Em 2012, a média mensal de pessoas desaparecidas foi de 251, número que subiu para 287 no primeiro quadrimestre de 2013.  Segundo a presidente da Associação Desaparecidos do Brasil, Amanda Bolkede, após o boletim de ocorrência, a família deve se cadastrar   nas entidades de apoio, como a própria Associação Desaparecidos do Brasil e o Cadastro Nacional de Pessoas Desaparecidas. “Orientamos os familiares, fazemos um cartaz e soltamos alertas para toda a rede de voluntários e redes sociais”, explica. 

De acordo com ela, quando o motivo do sumiço não é grave, a pessoa normalmente é localizada ou retorna espontaneamente para casa. “Porém, quando há outras situações envolvidas, como  sequestro ou tráfico de pessoas, a localização  nem sempre acontece. A estimativa do governo é de que, em  cada 200 mil pessoas desaparecidas todos os  anos, 40 mil sejam crianças. Dessas, de 10% a 15% retornam”, diz.


INCERTEZAS ATORMENTAM

A secretária Ivonete Pereira de Lima, 53 anos, não vê o irmão há mais de 20 anos. Nilo Pereira de Lima morava no Rio de Janeiro, como parte da família, até que um dia “simplesmente sumiu”. “Minha filha o conheceu quando era criança. Minha mãe faleceu em 2006 sem reencontrá-lo. Ele, se estiver vivo, não sabe que ela já se foi”, comenta.
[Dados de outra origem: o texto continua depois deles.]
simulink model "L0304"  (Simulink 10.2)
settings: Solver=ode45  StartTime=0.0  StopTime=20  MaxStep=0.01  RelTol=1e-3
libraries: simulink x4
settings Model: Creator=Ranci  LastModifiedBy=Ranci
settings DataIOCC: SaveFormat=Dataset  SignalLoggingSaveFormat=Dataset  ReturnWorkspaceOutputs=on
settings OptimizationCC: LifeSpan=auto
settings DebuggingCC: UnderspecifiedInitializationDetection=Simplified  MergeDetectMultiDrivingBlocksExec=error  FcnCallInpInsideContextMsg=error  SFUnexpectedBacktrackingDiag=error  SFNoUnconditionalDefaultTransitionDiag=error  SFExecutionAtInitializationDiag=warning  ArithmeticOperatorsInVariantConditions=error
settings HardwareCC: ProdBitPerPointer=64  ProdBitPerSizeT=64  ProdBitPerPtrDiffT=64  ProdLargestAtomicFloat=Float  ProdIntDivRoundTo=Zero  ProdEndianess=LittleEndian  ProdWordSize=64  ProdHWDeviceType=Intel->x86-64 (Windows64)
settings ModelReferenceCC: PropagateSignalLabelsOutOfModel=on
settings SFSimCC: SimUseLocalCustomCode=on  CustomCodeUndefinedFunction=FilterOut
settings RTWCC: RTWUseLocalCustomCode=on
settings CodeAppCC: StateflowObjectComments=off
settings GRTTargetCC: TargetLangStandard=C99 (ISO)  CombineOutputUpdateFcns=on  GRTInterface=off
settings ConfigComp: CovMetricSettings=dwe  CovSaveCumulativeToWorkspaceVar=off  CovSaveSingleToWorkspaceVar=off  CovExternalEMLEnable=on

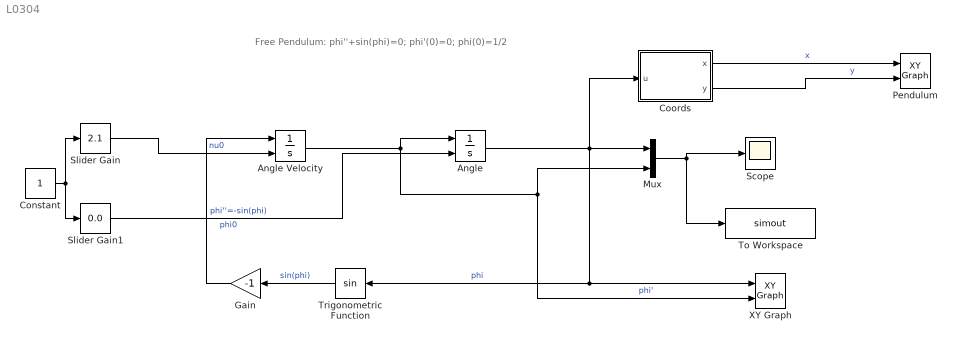
== system L0304 ==
  note: Free Pendulum: phi''+sin(phi)=0; phi'(0)=0; phi(0)=1/2
  Angle : Integrator  InitialConditionSource=external  InitialCondition=1/2
  Angle Velocity : Integrator  InitialConditionSource=external
  Constant : Constant
  Coords : MATLAB Function  TreatAsAtomicUnit=on
  Gain : Gain  Gain=-1
  Mux : Mux  Inputs=2
  Pendulum : simulink/Sinks/XY Graph  xmin=-1  xmax=1  ymin=-1  ymax=1  st=-1
  Scope : Scope
  Slider Gain : simulink/Math Operations/Slider Gain  gain=2.1  low=0  high=3
  Slider Gain1 : simulink/Math Operations/Slider Gain  gain=0.0  low=0  high=6
  To Workspace : ToWorkspace  VariableName=simout  SaveFormat=Structure With Time  SampleTime=-1
  Trigonometric Function : Trigonometry
  XY Graph : simulink/Sinks/XY Graph  xmin=-6  xmax=6  ymin=-6  ymax=6  st=-1
  wires:
  Gain/1 -> Angle Velocity/1  "phi''=-sin(phi)"
  Angle Velocity/1 -> Angle/1, XY Graph/2, Mux/2  "phi'"
  Trigonometric Function/1 -> Gain/1  "sin(phi)"
  Angle/1 -> Coords/1(u), Mux/1, Trigonometric Function/1, XY Graph/1  "phi"
  Mux/1 -> Scope/1, To Workspace/1
  Slider Gain/1 -> Angle Velocity/2  "nu0"
  Slider Gain1/1 -> Angle/2  "phi0"
  Coords/1(x) -> Pendulum/1  "x"
  Coords/2(y) -> Pendulum/2  "y"
  Constant/1 -> Slider Gain/1, Slider Gain1/1

== matlab function Coords ==
  data: x output double; u input double; y output double
function [x,y] = fcn(u)
L = 1;       % длина нити
x = L * sin(u);
y = -L * cos(u);

Segundo ela, a polícia abriu investigação e fez buscas na época, mas nunca respondeu as perguntas: como? Onde? Por quê? “Procuramos na internet,  mas nunca encontramos nenhum sinal. Espero poder revê-lo”, diz.

A secretária Márcia Pereira, 54 anos, procura a mãe biológica. Adulta, ela descobriu que era adotada e, desde então, busca conhecer suas origens e os motivos que levaram sua mãe a optar por tal escolha. “Fiquei sabendo quando eu tinha 32 anos, após o falecimento do meu pai de criação. Tenho informações de que minha mãe biológica morou em Brasília, mas não sei se continua aqui e, sequer, se está viva. Olhar para trás e não saber de onde vim dá um vazio muito grande”, lamenta.


A BUSCA CONTINUA

Em agosto último, o JBr. mostrou a história de Adriana França, 24 anos, desaparecida desde outubro de 2013. Sua mãe, a empresária Maria Ivoneide, 48 anos, conhece bem a dor causada pela incerteza constante. Adriana morava em Santa Maria e, num dia qualquer, foi a pé à parada onde costumava pegar a condução para o trabalho. “Ela foi para o ponto de ônibus às 8h30 e encontrou uma vizinha. Essa foi a última vez que foi vista”, conta Ivoneide.

A jovem, recém-separada e com um filho, hoje com oito anos, não morava na casa dos pais, mas ia lá todos os dias. Para a mãe, o pior é a incerteza. “Eu nunca vou esquecer minha filha. Preciso de uma resposta, qualquer que seja”, conclui. O caso ainda é investigado em sigilo pela 33ª DP (Santa Maria).